__What you will do__.
Only one stretch of the data below is needed. Output the lines from the one with "n2 = _N.new('ShaderNodeTexImage');" up to and including the one with "me_weed10_lod0 = bpy.data.meshes.new('weed10_lod0')", exactly as they stand.

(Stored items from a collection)
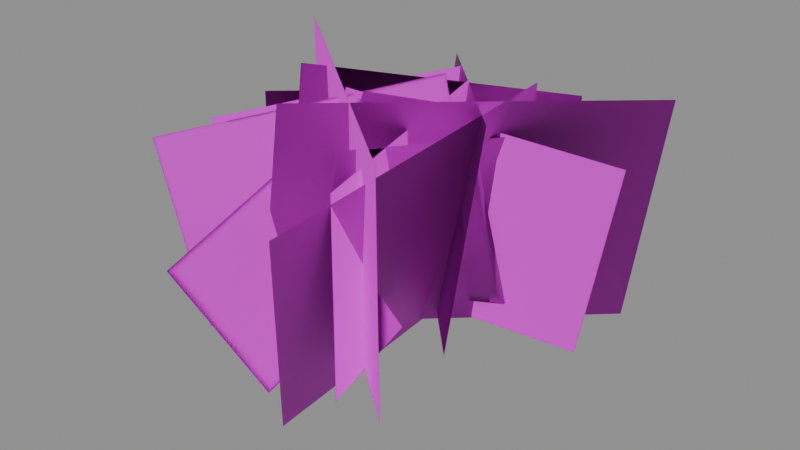 # Source: weed10.blend  (saved by Blender 5.2.45; exported with 4.5.12 LTS)
import bpy
from mathutils import Matrix  # noqa: F401  (used for matrix-valued properties, if any)

bpy.ops.wm.read_factory_settings(use_empty=True)
scene = bpy.context.scene
scene.name = 'Scene'

# ---- images (referenced by path relative to the original .blend; pixels are not part of the script)
import os
ASSET_DIR = os.environ.get("B2B_ASSET_DIR", "")  # directory of the original .blend (textures are referenced by path, not embedded)
HERE = os.path.dirname(os.path.abspath(__file__))  # packed textures are extracted next to this script under _unpacked/

def load_image(name, relpath, width, height, colorspace="sRGB"):
    """Load a texture the original file referenced (path relative to the .blend, or extracted next to this script)."""
    p = next((c for c in (os.path.join(HERE, relpath), os.path.join(ASSET_DIR, relpath)) if relpath and os.path.exists(c)), "")
    if p:
        img = bpy.data.images.load(p, check_existing=True)
        img.name = name
    else:  # same state as the original file: an image datablock whose file is absent (Cycles renders it pink)
        img = bpy.data.images.new(name, width, height)
        img.source = "FILE"
        img.filepath = "//" + (relpath or name)
    img.colorspace_settings.name = colorspace
    return img
img_leaf_png = load_image('leaf.png', 'leaf.png', 1024, 1024, 'sRGB')

# ---- materials (node trees are filled in below, after node groups)
mat_weed10_leaf = bpy.data.materials.new('weed10_leaf')
mat_weed10_leaf.use_backface_culling = True

# ---- material node trees
mat_weed10_leaf.use_nodes = True; mat_weed10_leaf.node_tree.nodes.clear()
_N = mat_weed10_leaf.node_tree.nodes; _L = mat_weed10_leaf.node_tree.links
n0 = _N.new('ShaderNodeBsdfPrincipled'); n0.name = 'Principled BSDF'; n0.location = (-200, 100)
n0.inputs[2].default_value = 0.6
n0.inputs[10].default_value = 0.005
n1 = _N.new('ShaderNodeOutputMaterial'); n1.name = 'Material Output'; n1.location = (200, 100)
n2 = _N.new('ShaderNodeTexImage'); n2.name = 'Image Texture'; n2.location = (0, 0)
n2.image = img_leaf_png
n3 = _N.new('ShaderNodeMath'); n3.name = 'Math'; n3.location = (0, 0)
n3.operation = 'ROUND'
_L.new(n0.outputs[0], n1.inputs[0])
_L.new(n2.outputs[0], n0.inputs[0])
_L.new(n2.outputs[1], n3.inputs[0])
_L.new(n3.outputs[0], n0.inputs[4])
n1.is_active_output = True

# ---- meshes
me_weed10_lod0 = bpy.data.meshes.new('weed10_lod0')
me_weed10_lod0.from_pydata([(-0.4319, -0.2151, 0.1344), (1.117, 0.3304, -0.1344), (1.321, 0.3648, 1.113), (-0.2275, -0.1807, 1.381), (-0.4319, -0.2151, 0.1344), (1.117, 0.3304, -0.1344), (1.321, 0.3648, 1.113), (-0.2275, -0.1807, 1.381), (-0.8022, -0.8562, -0.153), (0.3446, 0.3978, 0.153), (0.1802, 0.2331, 1.444), (-0.9666, -1.021, 1.138), (-0.8022, -0.8562, -0.153), (0.3446, 0.3978, 0.153), (0.1802, 0.2331, 1.444), (-0.9666, -1.021, 1.138), (0.7217, 0.6988, -0.05961), (-0.7569, -0.1914, 0.05961), (-0.7706, 0.005515, 1.359), (0.708, 0.8956, 1.24), (0.7217, 0.6988, -0.05961), (-0.7569, -0.1914, 0.05961), (-0.7706, 0.005515, 1.359), (0.708, 0.8956, 1.24), (0.08146, 0.5866, 0.027), (0.4573, -1.059, -0.027), (0.4955, -1.092, 1.255), (0.1196, 0.5532, 1.309), (0.08146, 0.5866, 0.027), (0.4573, -1.059, -0.027), (0.4955, -1.092, 1.255), (0.1196, 0.5532, 1.309), (-0.5304, -0.684, -0.07085), (0.311, 0.7697, 0.07085), (-0.2687, 0.9961, 1.19), (-1.11, -0.4576, 1.049), (-0.5304, -0.684, -0.07085), (0.311, 0.7697, 0.07085), (-0.2687, 0.9961, 1.19), (-1.11, -0.4576, 1.049), (-0.2244, -0.5257, 0.203), (0.8135, 0.8167, -0.203), (1.119, 0.9678, 1.078), (0.08139, -0.3746, 1.484), (-0.2244, -0.5257, 0.203), (0.8135, 0.8167, -0.203), (1.119, 0.9678, 1.078), (0.08139, -0.3746, 1.484), (0.08572, 0.3891, 0.3659), (-0.2346, -0.92, -0.3659), (-0.3849, -1.456, 0.6581), (-0.06456, -0.1467, 1.39), (0.08572, 0.3891, 0.3659), (-0.2346, -0.92, -0.3659), (-0.3849, -1.456, 0.6581), (-0.06456, -0.1467, 1.39), (0.1686, 0.8844, -0.07797), (-0.6682, -0.4102, 0.07797), (-1.079, -0.02034, 1.11), (-0.2422, 1.274, 0.9542), (0.1686, 0.8844, -0.07797), (-0.6682, -0.4102, 0.07797), (-1.079, -0.02034, 1.11), (-0.2422, 1.274, 0.9542), (0.6495, 0.7366, -0.07971), (-0.0537, -0.76, 0.07971), (0.2496, -0.772, 1.305), (0.9528, 0.7247, 1.146), (0.6495, 0.7366, -0.07971), (-0.0537, -0.76, 0.07971), (0.2496, -0.772, 1.305), (0.9528, 0.7247, 1.146), (0.7257, 0.1488, 0.143), (-0.8023, -0.2177, -0.143), (-0.9853, -0.3823, 1.045), (0.5426, -0.0158, 1.331), (0.7257, 0.1488, 0.143), (-0.8023, -0.2177, -0.143), (-0.9853, -0.3823, 1.045), (0.5426, -0.0158, 1.331)], [], [(0, 1, 2, 3), (7, 6, 5, 4), (8, 9, 10, 11), (15, 14, 13, 12), (16, 17, 18, 19), (23, 22, 21, 20), (24, 25, 26, 27), (31, 30, 29, 28), (32, 33, 34, 35), (39, 38, 37, 36), (40, 41, 42, 43), (47, 46, 45, 44), (48, 49, 50, 51), (55, 54, 53, 52), (56, 57, 58, 59), (63, 62, 61, 60), (64, 65, 66, 67), (71, 70, 69, 68), (72, 73, 74, 75), (79, 78, 77, 76)])
me_weed10_lod0.polygons.foreach_set('use_smooth', [True] * 20)
_uv = me_weed10_lod0.uv_layers.new(name='UVMap')
_uv.uv.foreach_set('vector', [0.0, 0.0, 1.0, 0.0, 1.0, 1.0, 0.0, 1.0, 0.0, 1.0, 1.0, 1.0, 1.0, 0.0, 0.0, 0.0, 0.0, 0.0, 1.0, 0.0, 1.0, 1.0, 0.0, 1.0, 0.0, 1.0, 1.0, 1.0, 1.0, 0.0, 0.0, 0.0, 0.0, 0.0, 1.0, 0.0, 1.0, 1.0, 0.0, 1.0, 0.0, 1.0, 1.0, 1.0, 1.0, 0.0, 0.0, 0.0, 0.0, 0.0, 1.0, 0.0, 1.0, 1.0, 0.0, 1.0, 0.0, 1.0, 1.0, 1.0, 1.0, 0.0, 0.0, 0.0, 0.0, 0.0, 1.0, 0.0, 1.0, 1.0, 0.0, 1.0, 0.0, 1.0, 1.0, 1.0, 1.0, 0.0, 0.0, 0.0, 0.0, 0.0, 1.0, 0.0, 1.0, 1.0, 0.0, 1.0, 0.0, 1.0, 1.0, 1.0, 1.0, 0.0, 0.0, 0.0, 0.0, 0.0, 1.0, 0.0, 1.0, 1.0, 0.0, 1.0, 0.0, 1.0, 1.0, 1.0, 1.0, 0.0, 0.0, 0.0, 0.0, 0.0, 1.0, 0.0, 1.0, 1.0, 0.0, 1.0, 0.0, 1.0, 1.0, 1.0, 1.0, 0.0, 0.0, 0.0, 0.0, 0.0, 1.0, 0.0, 1.0, 1.0, 0.0, 1.0, 0.0, 1.0, 1.0, 1.0, 1.0, 0.0, 0.0, 0.0, 0.0, 0.0, 1.0, 0.0, 1.0, 1.0, 0.0, 1.0, 0.0, 1.0, 1.0, 1.0, 1.0, 0.0, 0.0, 0.0])
_uv.active_render = True
_uv = me_weed10_lod0.uv_layers.new(name='Wind')
_uv.uv.foreach_set('vector', [0.09192, 0.0, 0.0, 0.0, 0.761, 0.0, 0.9448, 0.0, 0.9448, 0.0, 0.761, 0.0, 0.0, 0.0, 0.09192, 0.0, 0.0, 0.37, 0.1046, 0.37, 0.9877, 0.37, 0.7785, 0.37, 0.7785, 0.37, 0.9877, 0.37, 0.1046, 0.37, 0.0, 0.37, 0.0, 0.74, 0.04077, 0.74, 0.9297, 0.74, 0.8481, 0.74, 0.8481, 0.74, 0.9297, 0.74, 0.04077, 0.74, 0.0, 0.74, 0.01847, 0.11, 0.0, 0.11, 0.8585, 0.11, 0.8954, 0.11, 0.8954, 0.11, 0.8585, 0.11, 0.0, 0.11, 0.01847, 0.11, 0.0, 0.48, 0.04845, 0.48, 0.8142, 0.48, 0.7173, 0.48, 0.7173, 0.48, 0.8142, 0.48, 0.04845, 0.48, 0.0, 0.48, 0.1388, 0.85, 0.0, 0.85, 0.7374, 0.85, 1.0, 0.85, 1.0, 0.85, 0.7374, 0.85, 0.0, 0.85, 0.1388, 0.85, 0.2502, 0.22, 0.0, 0.22, 0.4501, 0.22, 0.9506, 0.22, 0.9506, 0.22, 0.4501, 0.22, 0.0, 0.22, 0.2502, 0.22, 0.0, 0.59, 0.05332, 0.59, 0.7593, 0.59, 0.6526, 0.59, 0.6526, 0.59, 0.7593, 0.59, 0.05332, 0.59, 0.0, 0.59, 0.0, 0.96, 0.05451, 0.96, 0.8926, 0.96, 0.7836, 0.96, 0.7836, 0.96, 0.8926, 0.96, 0.05451, 0.96, 0.0, 0.96, 0.0978, 0.33, 0.0, 0.33, 0.715, 0.33, 0.9106, 0.33, 0.9106, 0.33, 0.715, 0.33, 0.0, 0.33, 0.0978, 0.33])
_uv = me_weed10_lod0.uv_layers.new(name='Leaf')
_uv.uv.foreach_set('vector', [0.5, 0.706, 0.5, 1.0, 0.9097, 1.0, 0.9097, 1.0, 0.9097, 1.0, 0.9097, 1.0, 0.5, 1.0, 0.5, 0.706, 0.5, 1.0, 0.5, 0.733, 0.9097, 1.0, 0.9097, 1.0, 0.9097, 1.0, 0.9097, 1.0, 0.5, 0.733, 0.5, 1.0, 0.5, 1.0, 0.5, 0.928, 0.9097, 1.0, 0.9097, 1.0, 0.9097, 1.0, 0.9097, 1.0, 0.5, 0.928, 0.5, 1.0, 0.5, 0.793, 0.5, 1.0, 0.9097, 1.0, 0.9097, 1.0, 0.9097, 1.0, 0.9097, 1.0, 0.5, 1.0, 0.5, 0.793, 0.5, 1.0, 0.5, 0.967, 0.9097, 1.0, 0.9097, 1.0, 0.9097, 1.0, 0.9097, 1.0, 0.5, 0.967, 0.5, 1.0, 0.5, 0.763, 0.5, 1.0, 0.9097, 1.0, 0.9097, 1.0, 0.9097, 1.0, 0.9097, 1.0, 0.5, 1.0, 0.5, 0.763, 0.5, 0.673, 0.5, 1.0, 0.9097, 1.0, 0.9097, 1.0, 0.9097, 1.0, 0.9097, 1.0, 0.5, 1.0, 0.5, 0.673, 0.5, 1.0, 0.5, 0.929, 0.9097, 1.0, 0.9097, 1.0, 0.9097, 1.0, 0.9097, 1.0, 0.5, 0.929, 0.5, 1.0, 0.5, 1.0, 0.5, 0.911, 0.9097, 1.0, 0.9097, 1.0, 0.9097, 1.0, 0.9097, 1.0, 0.5, 0.911, 0.5, 1.0, 0.5, 0.889, 0.5, 1.0, 0.9097, 1.0, 0.9097, 1.0, 0.9097, 1.0, 0.9097, 1.0, 0.5, 1.0, 0.5, 0.889])
me_weed10_lod0.materials.append(mat_weed10_leaf)
me_weed10_lod0.update()
me_weed10_lod0.normals_split_custom_set([tuple(v) for v in zip(*[iter([3.712e-05, -4.872e-05, 1.0, 3.392e-05, -4.982e-05, 1.0, 9.882e-05, -2.73e-05, 1.0, 5.637e-05, -4.203e-05, 1.0, -3.399e-05, 4.982e-05, -1.0, -3.687e-05, 4.881e-05, -1.0, -5.634e-05, 4.205e-05, -1.0, -9.853e-05, 2.74e-05, -1.0, -3.181e-05, -1.005e-05, 1.0, -2.161e-06, 2.265e-05, 1.0, -1.461e-05, 9.06e-06, 1.0, -4.444e-05, -2.381e-05, 1.0, 1.997e-06, -2.281e-05, -1.0, 3.184e-05, 1.009e-05, -1.0, 4.431e-05, 2.368e-05, -1.0, 1.475e-05, -8.896e-06, -1.0, 4.291e-05, 3.338e-05, 1.0, 2.88e-06, 8.758e-06, 1.0, 3.288e-05, 2.719e-05, 1.0, 7.287e-05, 5.177e-05, 1.0, -2.931e-06, -8.807e-06, -1.0, -2.395e-06, -8.449e-06, -1.0, -7.28e-05, -5.175e-05, -1.0, -3.296e-05, -2.724e-05, -1.0, 7.536e-06, 2.515e-05, -1.0, 1.821e-05, -2.139e-05, -1.0, -4.539e-06, 7.782e-05, -1.0, 6.181e-06, 3.107e-05, -1.0, -1.816e-05, 2.121e-05, 1.0, -7.534e-06, -2.514e-05, 1.0, -6.175e-06, -3.107e-05, 1.0, 4.56e-06, -7.791e-05, 1.0, -6.527e-06, -1.98e-05, 1.0, 1.581e-05, 1.506e-05, 1.0, -6.855e-07, -1.067e-05, 1.0, -2.295e-05, -4.557e-05, 1.0, -1.571e-05, -1.496e-05, -1.0, 6.463e-06, 1.973e-05, -1.0, 2.307e-05, 4.537e-05, -1.0, 7.86e-07, 1.068e-05, -1.0, 2.408e-05, 5.872e-05, -1.0, -4.038e-05, -2.025e-05, -1.0, -3.31e-05, -1.126e-05, -1.0, -2.895e-05, -6.244e-06, -1.0, 4.016e-05, 1.992e-05, 1.0, 6.619e-05, 5.186e-05, 1.0, -1.237e-06, -3.073e-05, 1.0, 3.301e-05, 1.121e-05, 1.0, -1.043e-06, 2.071e-05, -1.0, -6.557e-06, -1.132e-06, -1.0, -4.902e-06, 5.484e-06, -1.0, 6.109e-07, 2.724e-05, -1.0, 6.586e-06, 1.162e-06, 1.0, 1.058e-06, -2.062e-05, 1.0, 1.115e-05, 1.928e-05, 1.0, 4.947e-06, -5.275e-06, 1.0, -7.57e-06, 3.916e-05, 1.0, -2.808e-05, 3.278e-06, 1.0, -1.398e-05, 2.801e-05, 1.0, 6.605e-06, 6.387e-05, 1.0, 2.801e-05, -3.397e-06, -1.0, 7.596e-06, -3.911e-05, -1.0, -6.586e-06, -6.399e-05, -1.0, 1.394e-05, -2.81e-05, -1.0, 2.421e-05, 3.965e-05, 1.0, 2.445e-05, 4.068e-05, 1.0, 3.813e-05, 6.797e-05, 1.0, -4.034e-06, -1.691e-05, 1.0, -2.45e-05, -4.054e-05, -1.0, -2.406e-05, -3.965e-05, -1.0, 3.979e-06, 1.674e-05, -1.0, -3.813e-05, -6.801e-05, -1.0, 1.405e-05, -1.967e-05, 1.0, -2.836e-05, -3.061e-05, 1.0, -4.613e-05, -3.521e-05, 1.0, -3.546e-06, -2.421e-05, 1.0, 2.831e-05, 3.061e-05, -1.0, -1.419e-05, 1.961e-05, -1.0, 3.338e-06, 2.414e-05, -1.0, 4.563e-05, 3.507e-05, -1.0])] * 3)])
me_weed10_lod1 = bpy.data.meshes.new('weed10_lod1')
me_weed10_lod1.from_pydata([(1.137, 0.8437, -0.09826), (-0.3285, -0.8437, 0.0578), (-0.1445, -0.8121, 1.484), (1.321, 0.8753, 1.369), (1.137, 0.8437, -0.09826), (-0.3285, -0.8437, 0.0578), (-0.1445, -0.8121, 1.484), (1.321, 0.8753, 1.369), (0.7915, -1.079, -0.002144), (-1.104, 0.491, 0.001261), (-1.11, 0.4852, 1.484), (0.7858, -1.085, 1.482), (0.7915, -1.079, -0.002144), (-1.104, 0.491, 0.001261), (-1.11, 0.4852, 1.484), (0.7858, -1.085, 1.482), (-0.5576, 1.0, -0.2397), (0.789, -0.5316, 0.141), (0.8243, -0.2578, 1.434), (-0.5223, 1.274, 1.152), (-0.5576, 1.0, -0.2397), (0.789, -0.5316, 0.141), (0.8243, -0.2578, 1.434), (-0.5223, 1.274, 1.152), (0.1142, -1.142, -0.3124), (0.4165, 0.6619, 0.1838), (0.7354, 0.348, 1.484), (0.4331, -1.456, 1.117), (0.1142, -1.142, -0.3124), (0.4165, 0.6619, 0.1838), (0.7354, 0.348, 1.484), (0.4331, -1.456, 1.117)], [], [(0, 1, 2, 3), (7, 6, 5, 4), (8, 9, 10, 11), (15, 14, 13, 12), (16, 17, 18, 19), (23, 22, 21, 20), (24, 25, 26, 27), (31, 30, 29, 28)])
me_weed10_lod1.polygons.foreach_set('use_smooth', [True] * 8)
_uv = me_weed10_lod1.uv_layers.new(name='UVMap')
_uv.uv.foreach_set('vector', [0.0, 0.0, 1.0, 0.0, 1.0, 1.0, 0.0, 1.0, 0.0, 1.0, 1.0, 1.0, 1.0, 0.0, 0.0, 0.0, 0.0, 0.0, 1.0, 0.0, 1.0, 1.0, 0.0, 1.0, 0.0, 1.0, 1.0, 1.0, 1.0, 0.0, 0.0, 0.0, 0.0, 0.0, 1.0, 0.0, 1.0, 1.0, 0.0, 1.0, 0.0, 1.0, 1.0, 1.0, 1.0, 0.0, 0.0, 0.0, 0.0, 0.0, 1.0, 0.0, 1.0, 1.0, 0.0, 1.0, 0.0, 1.0, 1.0, 1.0, 1.0, 0.0, 0.0, 0.0])
_uv.active_render = True
_uv = me_weed10_lod1.uv_layers.new(name='Wind')
_uv.uv.foreach_set('vector', [0.0, 0.0, 0.04665, 0.0, 1.0, 0.0, 1.0, 0.0, 1.0, 0.0, 1.0, 0.0, 0.04665, 0.0, 0.0, 0.0, 0.0, 0.37, 0.001012, 0.37, 1.0, 0.37, 1.0, 0.37, 1.0, 0.37, 1.0, 0.37, 0.001012, 0.37, 0.0, 0.37, 0.0, 0.74, 0.1197, 0.74, 1.0, 0.74, 0.9779, 0.74, 0.9779, 0.74, 1.0, 0.74, 0.1197, 0.74, 0.0, 0.74, 0.0, 0.11, 0.1496, 0.11, 1.0, 0.11, 0.9088, 0.11, 0.9088, 0.11, 1.0, 0.11, 0.1496, 0.11, 0.0, 0.11])
_uv = me_weed10_lod1.uv_layers.new(name='Leaf')
_uv.uv.foreach_set('vector', [0.5, 1.0, 0.5, 1.0, 0.9097, 1.0, 0.9097, 1.0, 0.9097, 1.0, 0.9097, 1.0, 0.5, 1.0, 0.5, 1.0, 0.5, 1.0, 0.5, 1.0, 0.9097, 1.0, 0.9097, 1.0, 0.9097, 1.0, 0.9097, 1.0, 0.5, 1.0, 0.5, 1.0, 0.5, 1.0, 0.5, 0.979, 0.9097, 1.0, 0.9097, 1.0, 0.9097, 1.0, 0.9097, 1.0, 0.5, 0.979, 0.5, 1.0, 0.5, 1.0, 0.5, 1.0, 0.9097, 1.0, 0.9097, 1.0, 0.9097, 1.0, 0.9097, 1.0, 0.5, 1.0, 0.5, 1.0])
me_weed10_lod1.materials.append(mat_weed10_leaf)
me_weed10_lod1.update()
me_weed10_lod1.normals_split_custom_set([tuple(v) for v in zip(*[iter([7.563e-05, -1.233e-05, 1.0, 4.856e-05, -1.77e-05, 1.0, 4.882e-05, -1.995e-05, 1.0, 4.344e-06, -4.66e-05, 1.0, -0.0001141, -3.206e-05, -1.0, -4.667e-05, 2.058e-05, -1.0, -5.169e-05, 1.739e-05, -1.0, -8.614e-05, -4.718e-05, -1.0, 8.721e-05, 2.323e-05, -1.0, 5.016e-05, 5.082e-05, -1.0, 8.294e-05, 2.677e-05, -1.0, 0.0004151, -0.0002514, -1.0, -1.257e-05, -8.505e-05, 1.0, -4.984e-05, -5.108e-05, 1.0, -4.535e-05, -5.79e-05, 1.0, -0.0004151, 0.0002514, 1.0, -6.389e-06, -1.408e-05, -1.0, 5.67e-06, -2.429e-06, -1.0, -3.278e-05, -6.5e-05, -1.0, -3.368e-05, 2.258e-06, -1.0, 3.224e-05, 3.964e-06, 1.0, -4.091e-05, 2.45e-05, 1.0, 5.5e-05, 1.757e-05, 1.0, 1.356e-06, 5.65e-05, 1.0, 3.444e-05, -3.725e-06, -1.0, 3.188e-05, -3.71e-06, -1.0, 1.669e-05, -5.931e-06, -1.0, 3.231e-05, 0.0001023, -1.0, -3.304e-05, -5.583e-05, 1.0, -4.428e-05, -2.86e-05, 1.0, -1.56e-05, 8.699e-05, 1.0, -1.751e-05, -4.764e-05, 1.0])] * 3)])

# ---- objects
ob_weed10_lod0 = bpy.data.objects.new('weed10_lod0', me_weed10_lod0)
ob_weed10_lod1 = bpy.data.objects.new('weed10_lod1', me_weed10_lod1)

# ---- transforms, parenting, visibility, modifiers, constraints
ob_weed10_lod0.location = (0.0, 0.0, 0.0)
ob_weed10_lod1.location = (0.0, 0.0, 0.0)

# ---- collection membership
scene.collection.objects.link(ob_weed10_lod0)
scene.collection.objects.link(ob_weed10_lod1)

# ---- scene / render settings (as saved in the file)
scene.frame_start = 1; scene.frame_end = 250; scene.frame_set(1)
scene.render.engine = 'BLENDER_EEVEE_NEXT'
scene.render.bake_bias = 0.0
scene.render.bake_samples = 0
scene.render.compositor_device = 'GPU'
scene.eevee.use_volume_custom_range = False
scene.eevee.fast_gi_thickness_near = 0.1
scene.eevee.fast_gi_thickness_far = 0.0
scene.eevee.ray_tracing_options.screen_trace_thickness = 0.1
bpy.context.view_layer.update()

# ---- added for rendering (the .blend has no active camera and no usable light): camera, sun + grey world if the file has none
cam_auto = bpy.data.cameras.new('AutoCamera')
cam_auto.lens = 50.0
cam_auto.sensor_width = 36.0
cam_auto.clip_end = 1000.0
ob_auto_camera = bpy.data.objects.new('AutoCamera', cam_auto)
scene.collection.objects.link(ob_auto_camera)
ob_auto_camera.location = (3.89607, -4.63953, 3.59163)
ob_auto_camera.rotation_euler = (1.09748, -7.21219e-08, 0.694738)
scene.camera = ob_auto_camera
light_auto_sun = bpy.data.lights.new('AutoSun', 'SUN')
light_auto_sun.energy = 3.0
light_auto_sun.angle = 0.0523599
ob_auto_sun = bpy.data.objects.new('AutoSun', light_auto_sun)
scene.collection.objects.link(ob_auto_sun)
ob_auto_sun.rotation_euler = (0.872665, 0.174533, 0.523599)
if scene.world is None:
    world_auto = bpy.data.worlds.new('AutoWorld')
    world_auto.color = (0.3, 0.3, 0.3)
    scene.world = world_auto
bpy.context.view_layer.update()

__Result for this task__.
n2 = _N.new('ShaderNodeTexImage'); n2.name = 'Image Texture'; n2.location = (0, 0)
n2.image = img_leaf_png
n3 = _N.new('ShaderNodeMath'); n3.name = 'Math'; n3.location = (0, 0)
n3.operation = 'ROUND'
_L.new(n0.outputs[0], n1.inputs[0])
_L.new(n2.outputs[0], n0.inputs[0])
_L.new(n2.outputs[1], n3.inputs[0])
_L.new(n3.outputs[0], n0.inputs[4])
n1.is_active_output = True

# ---- meshes
me_weed10_lod0 = bpy.data.meshes.new('weed10_lod0')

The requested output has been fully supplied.